What is needed:
Among the records below, find the line that has "#324=ORIENTED_EDGE('',*,*,#136,.F.);"; from there, give the lines again exactly, and stop after the line that has "#333=VERTEX_POINT('',#332);".

Supplied records:
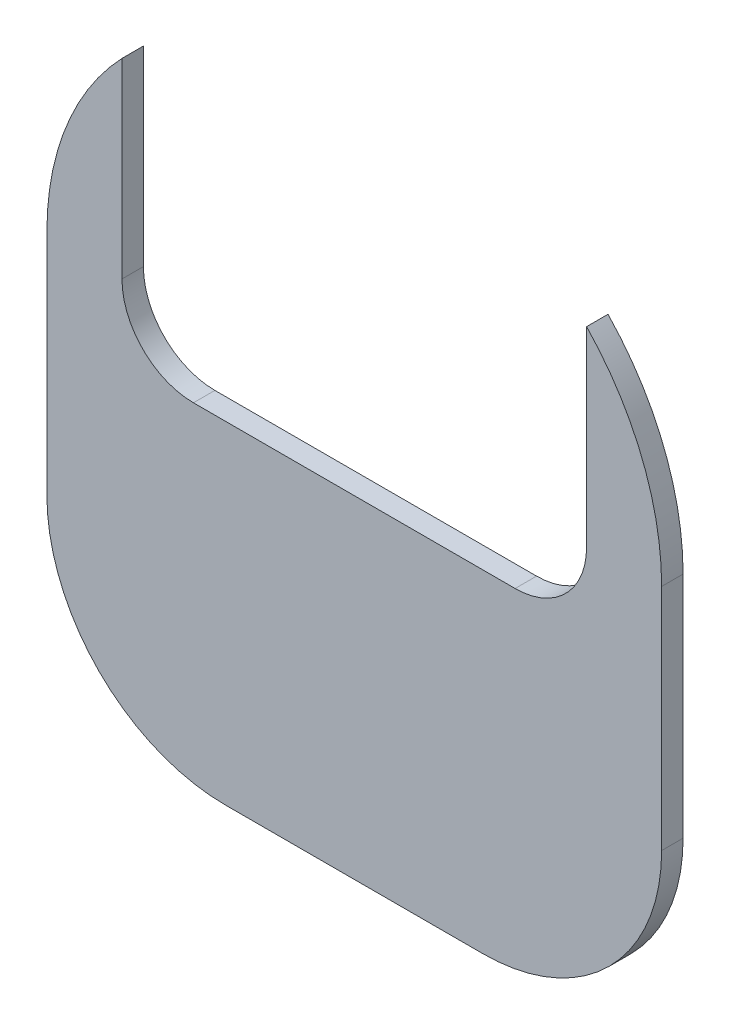
ISO-10303-21;
HEADER;
FILE_DESCRIPTION(('STEP AP214'),'2;1');
FILE_NAME('part.step','',(''),(''),'','','');
FILE_SCHEMA(('AUTOMOTIVE_DESIGN { 1 0 10303 214 1 1 1 1 }'));
ENDSEC;
DATA;
#1=APPLICATION_CONTEXT('core data for automotive mechanical design processes');
#2=APPLICATION_PROTOCOL_DEFINITION('international standard','automotive_design',2000,#1);
#3=PRODUCT_CONTEXT('',#1,'mechanical');
#4=PRODUCT('Part','Part','',(#3));
#5=PRODUCT_RELATED_PRODUCT_CATEGORY('part','',(#4));
#6=PRODUCT_DEFINITION_FORMATION('','',#4);
#7=PRODUCT_DEFINITION_CONTEXT('part definition',#1,'design');
#8=PRODUCT_DEFINITION('design','',#6,#7);
#9=PRODUCT_DEFINITION_SHAPE('','',#8);
#10=(LENGTH_UNIT() NAMED_UNIT(*) SI_UNIT(.MILLI.,.METRE.));
#11=(NAMED_UNIT(*) PLANE_ANGLE_UNIT() SI_UNIT($,.RADIAN.));
#12=(NAMED_UNIT(*) SI_UNIT($,.STERADIAN.) SOLID_ANGLE_UNIT());
#13=UNCERTAINTY_MEASURE_WITH_UNIT(LENGTH_MEASURE(1.E-05),#10,'distance_accuracy_value','');
#14=(GEOMETRIC_REPRESENTATION_CONTEXT(3) GLOBAL_UNCERTAINTY_ASSIGNED_CONTEXT((#13)) GLOBAL_UNIT_ASSIGNED_CONTEXT((#10,
#11,#12)) REPRESENTATION_CONTEXT('',''));
#15=CARTESIAN_POINT('',(0.,0.,0.));
#16=DIRECTION('',(0.,0.,1.));
#17=DIRECTION('',(1.,0.,0.));
#18=AXIS2_PLACEMENT_3D('',#15,#16,#17);
#19=CARTESIAN_POINT('',(-4.99999999999999,-29.5,3.));
#20=DIRECTION('',(0.,0.,-1.));
#21=DIRECTION('',(-1.,0.,0.));
#22=AXIS2_PLACEMENT_3D('',#19,#20,#21);
#23=CYLINDRICAL_SURFACE('',#22,38.);
#24=CARTESIAN_POINT('',(-4.99999999999999,-29.5,3.));
#25=DIRECTION('',(0.,0.,1.));
#26=DIRECTION('',(-1.,0.,0.));
#27=AXIS2_PLACEMENT_3D('',#24,#25,#26);
#28=CIRCLE('',#27,38.);
#29=CARTESIAN_POINT('',(-32.5,-3.27501191611332,3.));
#30=VERTEX_POINT('',#29);
#31=CARTESIAN_POINT('',(-43.,-29.5,3.));
#32=VERTEX_POINT('',#31);
#33=EDGE_CURVE('E95',#30,#32,#28,.T.);
#34=ORIENTED_EDGE('',*,*,#33,.F.);
#35=DIRECTION('',(0.,0.,-1.));
#36=VECTOR('',#35,1.);
#37=CARTESIAN_POINT('',(-32.5,-3.27501191611332,3.));
#38=LINE('',#37,#36);
#39=CARTESIAN_POINT('',(-32.5,-3.27501191611332,0.));
#40=VERTEX_POINT('',#39);
#41=EDGE_CURVE('E211',#30,#40,#38,.T.);
#42=ORIENTED_EDGE('',*,*,#41,.T.);
#43=CARTESIAN_POINT('',(-4.99999999999999,-29.5,0.));
#44=DIRECTION('',(0.,0.,1.));
#45=DIRECTION('',(-1.,0.,0.));
#46=AXIS2_PLACEMENT_3D('',#43,#44,#45);
#47=CIRCLE('',#46,38.);
#48=CARTESIAN_POINT('',(-43.,-29.5,0.));
#49=VERTEX_POINT('',#48);
#50=EDGE_CURVE('E134',#40,#49,#47,.T.);
#51=ORIENTED_EDGE('',*,*,#50,.T.);
#52=DIRECTION('',(0.,0.,-1.));
#53=VECTOR('',#52,1.);
#54=CARTESIAN_POINT('',(-43.,-29.5,3.));
#55=LINE('',#54,#53);
#56=EDGE_CURVE('E155',#32,#49,#55,.T.);
#57=ORIENTED_EDGE('',*,*,#56,.F.);
#58=EDGE_LOOP('',(#34,#42,#51,#57));
#59=FACE_BOUND('',#58,.T.);
#60=ADVANCED_FACE('F37',(#59),#23,.T.);
#61=CARTESIAN_POINT('',(-43.,-29.5,3.));
#62=DIRECTION('',(1.,0.,0.));
#63=DIRECTION('',(0.,0.,-1.));
#64=AXIS2_PLACEMENT_3D('',#61,#62,#63);
#65=PLANE('',#64);
#66=DIRECTION('',(0.,-1.,0.));
#67=VECTOR('',#66,1.);
#68=CARTESIAN_POINT('',(-43.,-29.5,0.));
#69=LINE('',#68,#67);
#70=CARTESIAN_POINT('',(-43.,-61.5,0.));
#71=VERTEX_POINT('',#70);
#72=EDGE_CURVE('E136',#49,#71,#69,.T.);
#73=ORIENTED_EDGE('',*,*,#72,.T.);
#74=DIRECTION('',(0.,0.,-1.));
#75=VECTOR('',#74,1.);
#76=CARTESIAN_POINT('',(-43.,-61.5,3.));
#77=LINE('',#76,#75);
#78=CARTESIAN_POINT('',(-43.,-61.5,3.));
#79=VERTEX_POINT('',#78);
#80=EDGE_CURVE('E152',#79,#71,#77,.T.);
#81=ORIENTED_EDGE('',*,*,#80,.F.);
#82=DIRECTION('',(0.,-1.,0.));
#83=VECTOR('',#82,1.);
#84=CARTESIAN_POINT('',(-43.,-29.5,3.));
#85=LINE('',#84,#83);
#86=EDGE_CURVE('E217',#32,#79,#85,.T.);
#87=ORIENTED_EDGE('',*,*,#86,.F.);
#88=ORIENTED_EDGE('',*,*,#56,.T.);
#89=EDGE_LOOP('',(#73,#81,#87,#88));
#90=FACE_BOUND('',#89,.T.);
#91=ADVANCED_FACE('F221',(#90),#65,.F.);
#92=CARTESIAN_POINT('',(-18.,-61.5,3.));
#93=DIRECTION('',(0.,0.,-1.));
#94=DIRECTION('',(-1.,0.,0.));
#95=AXIS2_PLACEMENT_3D('',#92,#93,#94);
#96=CYLINDRICAL_SURFACE('',#95,25.);
#97=CARTESIAN_POINT('',(-18.,-61.5,0.));
#98=DIRECTION('',(0.,0.,1.));
#99=DIRECTION('',(1.,0.,0.));
#100=AXIS2_PLACEMENT_3D('',#97,#98,#99);
#101=CIRCLE('',#100,25.);
#102=CARTESIAN_POINT('',(-18.,-86.5,0.));
#103=VERTEX_POINT('',#102);
#104=EDGE_CURVE('E139',#71,#103,#101,.T.);
#105=ORIENTED_EDGE('',*,*,#104,.T.);
#106=DIRECTION('',(0.,0.,-1.));
#107=VECTOR('',#106,1.);
#108=CARTESIAN_POINT('',(-18.,-86.5,3.));
#109=LINE('',#108,#107);
#110=CARTESIAN_POINT('',(-18.,-86.5,3.));
#111=VERTEX_POINT('',#110);
#112=EDGE_CURVE('E123',#111,#103,#109,.T.);
#113=ORIENTED_EDGE('',*,*,#112,.F.);
#114=CARTESIAN_POINT('',(-18.,-61.5,3.));
#115=DIRECTION('',(0.,0.,1.));
#116=DIRECTION('',(1.,0.,0.));
#117=AXIS2_PLACEMENT_3D('',#114,#115,#116);
#118=CIRCLE('',#117,25.);
#119=EDGE_CURVE('E112',#79,#111,#118,.T.);
#120=ORIENTED_EDGE('',*,*,#119,.F.);
#121=ORIENTED_EDGE('',*,*,#80,.T.);
#122=EDGE_LOOP('',(#105,#113,#120,#121));
#123=FACE_BOUND('',#122,.T.);
#124=ADVANCED_FACE('F225',(#123),#96,.T.);
#125=CARTESIAN_POINT('',(0.500000000000011,-86.5,3.));
#126=DIRECTION('',(0.,1.,0.));
#127=DIRECTION('',(-1.,0.,0.));
#128=AXIS2_PLACEMENT_3D('',#125,#126,#127);
#129=PLANE('',#128);
#130=DIRECTION('',(1.,0.,0.));
#131=VECTOR('',#130,1.);
#132=CARTESIAN_POINT('',(0.500000000000011,-86.5,0.));
#133=LINE('',#132,#131);
#134=CARTESIAN_POINT('',(18.,-86.5,0.));
#135=VERTEX_POINT('',#134);
#136=EDGE_CURVE('E120',#103,#135,#133,.T.);
#137=ORIENTED_EDGE('',*,*,#136,.T.);
#138=DIRECTION('',(0.,0.,-1.));
#139=VECTOR('',#138,1.);
#140=CARTESIAN_POINT('',(18.,-86.5,3.));
#141=LINE('',#140,#139);
#142=CARTESIAN_POINT('',(18.,-86.5,3.));
#143=VERTEX_POINT('',#142);
#144=EDGE_CURVE('E118',#143,#135,#141,.T.);
#145=ORIENTED_EDGE('',*,*,#144,.F.);
#146=DIRECTION('',(1.,0.,0.));
#147=VECTOR('',#146,1.);
#148=CARTESIAN_POINT('',(-18.,-86.5,3.));
#149=LINE('',#148,#147);
#150=EDGE_CURVE('E105',#111,#143,#149,.T.);
#151=ORIENTED_EDGE('',*,*,#150,.F.);
#152=ORIENTED_EDGE('',*,*,#112,.T.);
#153=EDGE_LOOP('',(#137,#145,#151,#152));
#154=FACE_BOUND('',#153,.T.);
#155=ADVANCED_FACE('F119',(#154),#129,.F.);
#156=CARTESIAN_POINT('',(18.,-61.5,3.));
#157=DIRECTION('',(0.,0.,-1.));
#158=DIRECTION('',(-1.,0.,0.));
#159=AXIS2_PLACEMENT_3D('',#156,#157,#158);
#160=CYLINDRICAL_SURFACE('',#159,25.);
#161=CARTESIAN_POINT('',(18.,-61.5,0.));
#162=DIRECTION('',(0.,0.,1.));
#163=DIRECTION('',(1.,0.,0.));
#164=AXIS2_PLACEMENT_3D('',#161,#162,#163);
#165=CIRCLE('',#164,25.);
#166=CARTESIAN_POINT('',(43.,-61.5,0.));
#167=VERTEX_POINT('',#166);
#168=EDGE_CURVE('E143',#135,#167,#165,.T.);
#169=ORIENTED_EDGE('',*,*,#168,.T.);
#170=DIRECTION('',(0.,0.,-1.));
#171=VECTOR('',#170,1.);
#172=CARTESIAN_POINT('',(43.,-61.5,3.));
#173=LINE('',#172,#171);
#174=CARTESIAN_POINT('',(43.,-61.5,3.));
#175=VERTEX_POINT('',#174);
#176=EDGE_CURVE('E124',#175,#167,#173,.T.);
#177=ORIENTED_EDGE('',*,*,#176,.F.);
#178=CARTESIAN_POINT('',(18.,-61.5,3.));
#179=DIRECTION('',(0.,0.,1.));
#180=DIRECTION('',(1.,0.,0.));
#181=AXIS2_PLACEMENT_3D('',#178,#179,#180);
#182=CIRCLE('',#181,25.);
#183=EDGE_CURVE('E109',#143,#175,#182,.T.);
#184=ORIENTED_EDGE('',*,*,#183,.F.);
#185=ORIENTED_EDGE('',*,*,#144,.T.);
#186=EDGE_LOOP('',(#169,#177,#184,#185));
#187=FACE_BOUND('',#186,.T.);
#188=ADVANCED_FACE('F126',(#187),#160,.T.);
#189=CARTESIAN_POINT('',(43.,-29.5,3.));
#190=DIRECTION('',(-1.,0.,0.));
#191=DIRECTION('',(0.,0.,1.));
#192=AXIS2_PLACEMENT_3D('',#189,#190,#191);
#193=PLANE('',#192);
#194=DIRECTION('',(0.,1.,0.));
#195=VECTOR('',#194,1.);
#196=CARTESIAN_POINT('',(43.,-29.5,0.));
#197=LINE('',#196,#195);
#198=CARTESIAN_POINT('',(43.,-29.5,0.));
#199=VERTEX_POINT('',#198);
#200=EDGE_CURVE('E87',#167,#199,#197,.T.);
#201=ORIENTED_EDGE('',*,*,#200,.T.);
#202=DIRECTION('',(0.,0.,-1.));
#203=VECTOR('',#202,1.);
#204=CARTESIAN_POINT('',(43.,-29.5,3.));
#205=LINE('',#204,#203);
#206=CARTESIAN_POINT('',(43.,-29.5,3.));
#207=VERTEX_POINT('',#206);
#208=EDGE_CURVE('E133',#207,#199,#205,.T.);
#209=ORIENTED_EDGE('',*,*,#208,.F.);
#210=DIRECTION('',(0.,1.,0.));
#211=VECTOR('',#210,1.);
#212=CARTESIAN_POINT('',(43.,-29.5,3.));
#213=LINE('',#212,#211);
#214=EDGE_CURVE('E60',#175,#207,#213,.T.);
#215=ORIENTED_EDGE('',*,*,#214,.F.);
#216=ORIENTED_EDGE('',*,*,#176,.T.);
#217=EDGE_LOOP('',(#201,#209,#215,#216));
#218=FACE_BOUND('',#217,.T.);
#219=ADVANCED_FACE('F227',(#218),#193,.F.);
#220=CARTESIAN_POINT('',(5.,-29.5,3.));
#221=DIRECTION('',(0.,0.,-1.));
#222=DIRECTION('',(-1.,0.,0.));
#223=AXIS2_PLACEMENT_3D('',#220,#221,#222);
#224=CYLINDRICAL_SURFACE('',#223,38.);
#225=CARTESIAN_POINT('',(5.,-29.5,0.));
#226=DIRECTION('',(0.,0.,1.));
#227=DIRECTION('',(-1.,0.,0.));
#228=AXIS2_PLACEMENT_3D('',#225,#226,#227);
#229=CIRCLE('',#228,38.);
#230=CARTESIAN_POINT('',(32.5,-3.27501191611328,0.));
#231=VERTEX_POINT('',#230);
#232=EDGE_CURVE('E146',#199,#231,#229,.T.);
#233=ORIENTED_EDGE('',*,*,#232,.T.);
#234=DIRECTION('',(0.,0.,-1.));
#235=VECTOR('',#234,1.);
#236=CARTESIAN_POINT('',(32.5,-3.27501191611328,3.));
#237=LINE('',#236,#235);
#238=CARTESIAN_POINT('',(32.5,-3.27501191611328,3.));
#239=VERTEX_POINT('',#238);
#240=EDGE_CURVE('E137',#231,#239,#237,.F.);
#241=ORIENTED_EDGE('',*,*,#240,.T.);
#242=CARTESIAN_POINT('',(5.,-29.5,3.));
#243=DIRECTION('',(0.,0.,1.));
#244=DIRECTION('',(-1.,0.,0.));
#245=AXIS2_PLACEMENT_3D('',#242,#243,#244);
#246=CIRCLE('',#245,38.);
#247=EDGE_CURVE('E128',#207,#239,#246,.T.);
#248=ORIENTED_EDGE('',*,*,#247,.F.);
#249=ORIENTED_EDGE('',*,*,#208,.T.);
#250=EDGE_LOOP('',(#233,#241,#248,#249));
#251=FACE_BOUND('',#250,.T.);
#252=ADVANCED_FACE('F230',(#251),#224,.T.);
#253=CARTESIAN_POINT('',(-4.99999999999999,-29.5,3.));
#254=DIRECTION('',(0.,0.,-1.));
#255=DIRECTION('',(-1.,0.,0.));
#256=AXIS2_PLACEMENT_3D('',#253,#254,#255);
#257=PLANE('',#256);
#258=ORIENTED_EDGE('',*,*,#247,.T.);
#259=DIRECTION('',(0.,1.,0.));
#260=VECTOR('',#259,1.);
#261=CARTESIAN_POINT('',(32.5,-30.,3.));
#262=LINE('',#261,#260);
#263=CARTESIAN_POINT('',(32.5,-30.,3.));
#264=VERTEX_POINT('',#263);
#265=EDGE_CURVE('E207',#264,#239,#262,.T.);
#266=ORIENTED_EDGE('',*,*,#265,.F.);
#267=CARTESIAN_POINT('',(22.5,-30.,3.));
#268=DIRECTION('',(0.,0.,1.));
#269=DIRECTION('',(1.,0.,0.));
#270=AXIS2_PLACEMENT_3D('',#267,#268,#269);
#271=CIRCLE('',#270,10.);
#272=CARTESIAN_POINT('',(22.5,-40.,3.));
#273=VERTEX_POINT('',#272);
#274=EDGE_CURVE('E247',#273,#264,#271,.T.);
#275=ORIENTED_EDGE('',*,*,#274,.F.);
#276=DIRECTION('',(1.,0.,0.));
#277=VECTOR('',#276,1.);
#278=CARTESIAN_POINT('',(-22.5,-40.,3.));
#279=LINE('',#278,#277);
#280=CARTESIAN_POINT('',(-22.5,-40.,3.));
#281=VERTEX_POINT('',#280);
#282=EDGE_CURVE('E189',#281,#273,#279,.T.);
#283=ORIENTED_EDGE('',*,*,#282,.F.);
#284=CARTESIAN_POINT('',(-22.5,-30.,3.));
#285=DIRECTION('',(0.,0.,1.));
#286=DIRECTION('',(-1.,0.,0.));
#287=AXIS2_PLACEMENT_3D('',#284,#285,#286);
#288=CIRCLE('',#287,10.);
#289=CARTESIAN_POINT('',(-32.5,-30.,3.));
#290=VERTEX_POINT('',#289);
#291=EDGE_CURVE('E205',#290,#281,#288,.T.);
#292=ORIENTED_EDGE('',*,*,#291,.F.);
#293=DIRECTION('',(0.,-1.,0.));
#294=VECTOR('',#293,1.);
#295=CARTESIAN_POINT('',(-32.5,-30.,3.));
#296=LINE('',#295,#294);
#297=EDGE_CURVE('E253',#30,#290,#296,.T.);
#298=ORIENTED_EDGE('',*,*,#297,.F.);
#299=ORIENTED_EDGE('',*,*,#33,.T.);
#300=ORIENTED_EDGE('',*,*,#86,.T.);
#301=ORIENTED_EDGE('',*,*,#119,.T.);
#302=ORIENTED_EDGE('',*,*,#150,.T.);
#303=ORIENTED_EDGE('',*,*,#183,.T.);
#304=ORIENTED_EDGE('',*,*,#214,.T.);
#305=EDGE_LOOP('',(#258,#266,#275,#283,#292,#298,#299,#300,#301,#302,#303,#304));
#306=FACE_BOUND('',#305,.T.);
#307=ADVANCED_FACE('F107',(#306),#257,.F.);
#308=CARTESIAN_POINT('',(-4.99999999999999,-29.5,0.));
#309=DIRECTION('',(0.,0.,-1.));
#310=DIRECTION('',(-1.,0.,0.));
#311=AXIS2_PLACEMENT_3D('',#308,#309,#310);
#312=PLANE('',#311);
#313=DIRECTION('',(0.,-1.,0.));
#314=VECTOR('',#313,1.);
#315=CARTESIAN_POINT('',(32.5,-29.5,0.));
#316=LINE('',#315,#314);
#317=CARTESIAN_POINT('',(32.5,-30.,0.));
#318=VERTEX_POINT('',#317);
#319=EDGE_CURVE('E11',#231,#318,#316,.T.);
#320=ORIENTED_EDGE('',*,*,#319,.F.);
#321=ORIENTED_EDGE('',*,*,#232,.F.);
#322=ORIENTED_EDGE('',*,*,#200,.F.);
#323=ORIENTED_EDGE('',*,*,#168,.F.);
#324=ORIENTED_EDGE('',*,*,#136,.F.);
#325=ORIENTED_EDGE('',*,*,#104,.F.);
#326=ORIENTED_EDGE('',*,*,#72,.F.);
#327=ORIENTED_EDGE('',*,*,#50,.F.);
#328=DIRECTION('',(0.,1.,0.));
#329=VECTOR('',#328,1.);
#330=CARTESIAN_POINT('',(-32.5,-29.5,0.));
#331=LINE('',#330,#329);
#332=CARTESIAN_POINT('',(-32.5,-30.,0.));
#333=VERTEX_POINT('',#332);
#334=EDGE_CURVE('E158',#333,#40,#331,.T.);
#335=ORIENTED_EDGE('',*,*,#334,.F.);
#336=CARTESIAN_POINT('',(-22.5,-30.,0.));
#337=DIRECTION('',(0.,0.,-1.));
#338=DIRECTION('',(-1.,0.,0.));
#339=AXIS2_PLACEMENT_3D('',#336,#337,#338);
#340=CIRCLE('',#339,10.);
#341=CARTESIAN_POINT('',(-22.5,-40.,0.));
#342=VERTEX_POINT('',#341);
#343=EDGE_CURVE('E160',#342,#333,#340,.T.);
#344=ORIENTED_EDGE('',*,*,#343,.F.);
#345=DIRECTION('',(-1.,0.,0.));
#346=VECTOR('',#345,1.);
#347=CARTESIAN_POINT('',(-4.99999999999999,-40.,0.));
#348=LINE('',#347,#346);
#349=CARTESIAN_POINT('',(22.5,-40.,0.));
#350=VERTEX_POINT('',#349);
#351=EDGE_CURVE('E162',#350,#342,#348,.T.);
#352=ORIENTED_EDGE('',*,*,#351,.F.);
#353=CARTESIAN_POINT('',(22.5,-30.,0.));
#354=DIRECTION('',(0.,0.,-1.));
#355=DIRECTION('',(-1.,0.,0.));
#356=AXIS2_PLACEMENT_3D('',#353,#354,#355);
#357=CIRCLE('',#356,10.);
#358=EDGE_CURVE('E44',#318,#350,#357,.T.);
#359=ORIENTED_EDGE('',*,*,#358,.F.);
#360=EDGE_LOOP('',(#320,#321,#322,#323,#324,#325,#326,#327,#335,#344,#352,#359));
#361=FACE_BOUND('',#360,.T.);
#362=ADVANCED_FACE('F194',(#361),#312,.T.);
#363=CARTESIAN_POINT('',(32.5,-30.,-7.));
#364=DIRECTION('',(1.,0.,0.));
#365=DIRECTION('',(0.,1.,0.));
#366=AXIS2_PLACEMENT_3D('',#363,#364,#365);
#367=PLANE('',#366);
#368=ORIENTED_EDGE('',*,*,#319,.T.);
#369=DIRECTION('',(0.,0.,1.));
#370=VECTOR('',#369,1.);
#371=CARTESIAN_POINT('',(32.5,-30.,-7.));
#372=LINE('',#371,#370);
#373=EDGE_CURVE('E178',#318,#264,#372,.T.);
#374=ORIENTED_EDGE('',*,*,#373,.T.);
#375=ORIENTED_EDGE('',*,*,#265,.T.);
#376=ORIENTED_EDGE('',*,*,#240,.F.);
#377=EDGE_LOOP('',(#368,#374,#375,#376));
#378=FACE_BOUND('',#377,.T.);
#379=ADVANCED_FACE('F246',(#378),#367,.F.);
#380=CARTESIAN_POINT('',(-32.5,-30.,-7.));
#381=DIRECTION('',(-1.,0.,0.));
#382=DIRECTION('',(0.,-1.,0.));
#383=AXIS2_PLACEMENT_3D('',#380,#381,#382);
#384=PLANE('',#383);
#385=ORIENTED_EDGE('',*,*,#297,.T.);
#386=DIRECTION('',(0.,0.,1.));
#387=VECTOR('',#386,1.);
#388=CARTESIAN_POINT('',(-32.5,-30.,-7.));
#389=LINE('',#388,#387);
#390=EDGE_CURVE('E51',#333,#290,#389,.T.);
#391=ORIENTED_EDGE('',*,*,#390,.F.);
#392=ORIENTED_EDGE('',*,*,#334,.T.);
#393=ORIENTED_EDGE('',*,*,#41,.F.);
#394=EDGE_LOOP('',(#385,#391,#392,#393));
#395=FACE_BOUND('',#394,.T.);
#396=ADVANCED_FACE('F254',(#395),#384,.F.);
#397=CARTESIAN_POINT('',(22.5,-30.,-7.));
#398=DIRECTION('',(0.,0.,1.));
#399=DIRECTION('',(1.,0.,0.));
#400=AXIS2_PLACEMENT_3D('',#397,#398,#399);
#401=CYLINDRICAL_SURFACE('',#400,10.);
#402=ORIENTED_EDGE('',*,*,#358,.T.);
#403=DIRECTION('',(0.,0.,1.));
#404=VECTOR('',#403,1.);
#405=CARTESIAN_POINT('',(22.5,-40.,-7.));
#406=LINE('',#405,#404);
#407=EDGE_CURVE('E174',#350,#273,#406,.T.);
#408=ORIENTED_EDGE('',*,*,#407,.T.);
#409=ORIENTED_EDGE('',*,*,#274,.T.);
#410=ORIENTED_EDGE('',*,*,#373,.F.);
#411=EDGE_LOOP('',(#402,#408,#409,#410));
#412=FACE_BOUND('',#411,.T.);
#413=ADVANCED_FACE('F171',(#412),#401,.F.);
#414=CARTESIAN_POINT('',(-22.5,-40.,-7.));
#415=DIRECTION('',(0.,-1.,0.));
#416=DIRECTION('',(1.,0.,0.));
#417=AXIS2_PLACEMENT_3D('',#414,#415,#416);
#418=PLANE('',#417);
#419=ORIENTED_EDGE('',*,*,#351,.T.);
#420=DIRECTION('',(0.,0.,1.));
#421=VECTOR('',#420,1.);
#422=CARTESIAN_POINT('',(-22.5,-40.,-7.));
#423=LINE('',#422,#421);
#424=EDGE_CURVE('E191',#342,#281,#423,.T.);
#425=ORIENTED_EDGE('',*,*,#424,.T.);
#426=ORIENTED_EDGE('',*,*,#282,.T.);
#427=ORIENTED_EDGE('',*,*,#407,.F.);
#428=EDGE_LOOP('',(#419,#425,#426,#427));
#429=FACE_BOUND('',#428,.T.);
#430=ADVANCED_FACE('F185',(#429),#418,.F.);
#431=CARTESIAN_POINT('',(-22.5,-30.,-7.));
#432=DIRECTION('',(0.,0.,1.));
#433=DIRECTION('',(1.,0.,0.));
#434=AXIS2_PLACEMENT_3D('',#431,#432,#433);
#435=CYLINDRICAL_SURFACE('',#434,10.);
#436=ORIENTED_EDGE('',*,*,#343,.T.);
#437=ORIENTED_EDGE('',*,*,#390,.T.);
#438=ORIENTED_EDGE('',*,*,#291,.T.);
#439=ORIENTED_EDGE('',*,*,#424,.F.);
#440=EDGE_LOOP('',(#436,#437,#438,#439));
#441=FACE_BOUND('',#440,.T.);
#442=ADVANCED_FACE('F200',(#441),#435,.F.);
#443=CLOSED_SHELL('',(#60,#91,#124,#155,#188,#219,#252,#307,#362,#379,#396,#413,#430,#442));
#444=MANIFOLD_SOLID_BREP('B2',#443);
#445=ADVANCED_BREP_SHAPE_REPRESENTATION('',(#18,#444),#14);
#446=SHAPE_DEFINITION_REPRESENTATION(#9,#445);
ENDSEC;
END-ISO-10303-21;

Output for this task:
#324=ORIENTED_EDGE('',*,*,#136,.F.);
#325=ORIENTED_EDGE('',*,*,#104,.F.);
#326=ORIENTED_EDGE('',*,*,#72,.F.);
#327=ORIENTED_EDGE('',*,*,#50,.F.);
#328=DIRECTION('',(0.,1.,0.));
#329=VECTOR('',#328,1.);
#330=CARTESIAN_POINT('',(-32.5,-29.5,0.));
#331=LINE('',#330,#329);
#332=CARTESIAN_POINT('',(-32.5,-30.,0.));
#333=VERTEX_POINT('',#332);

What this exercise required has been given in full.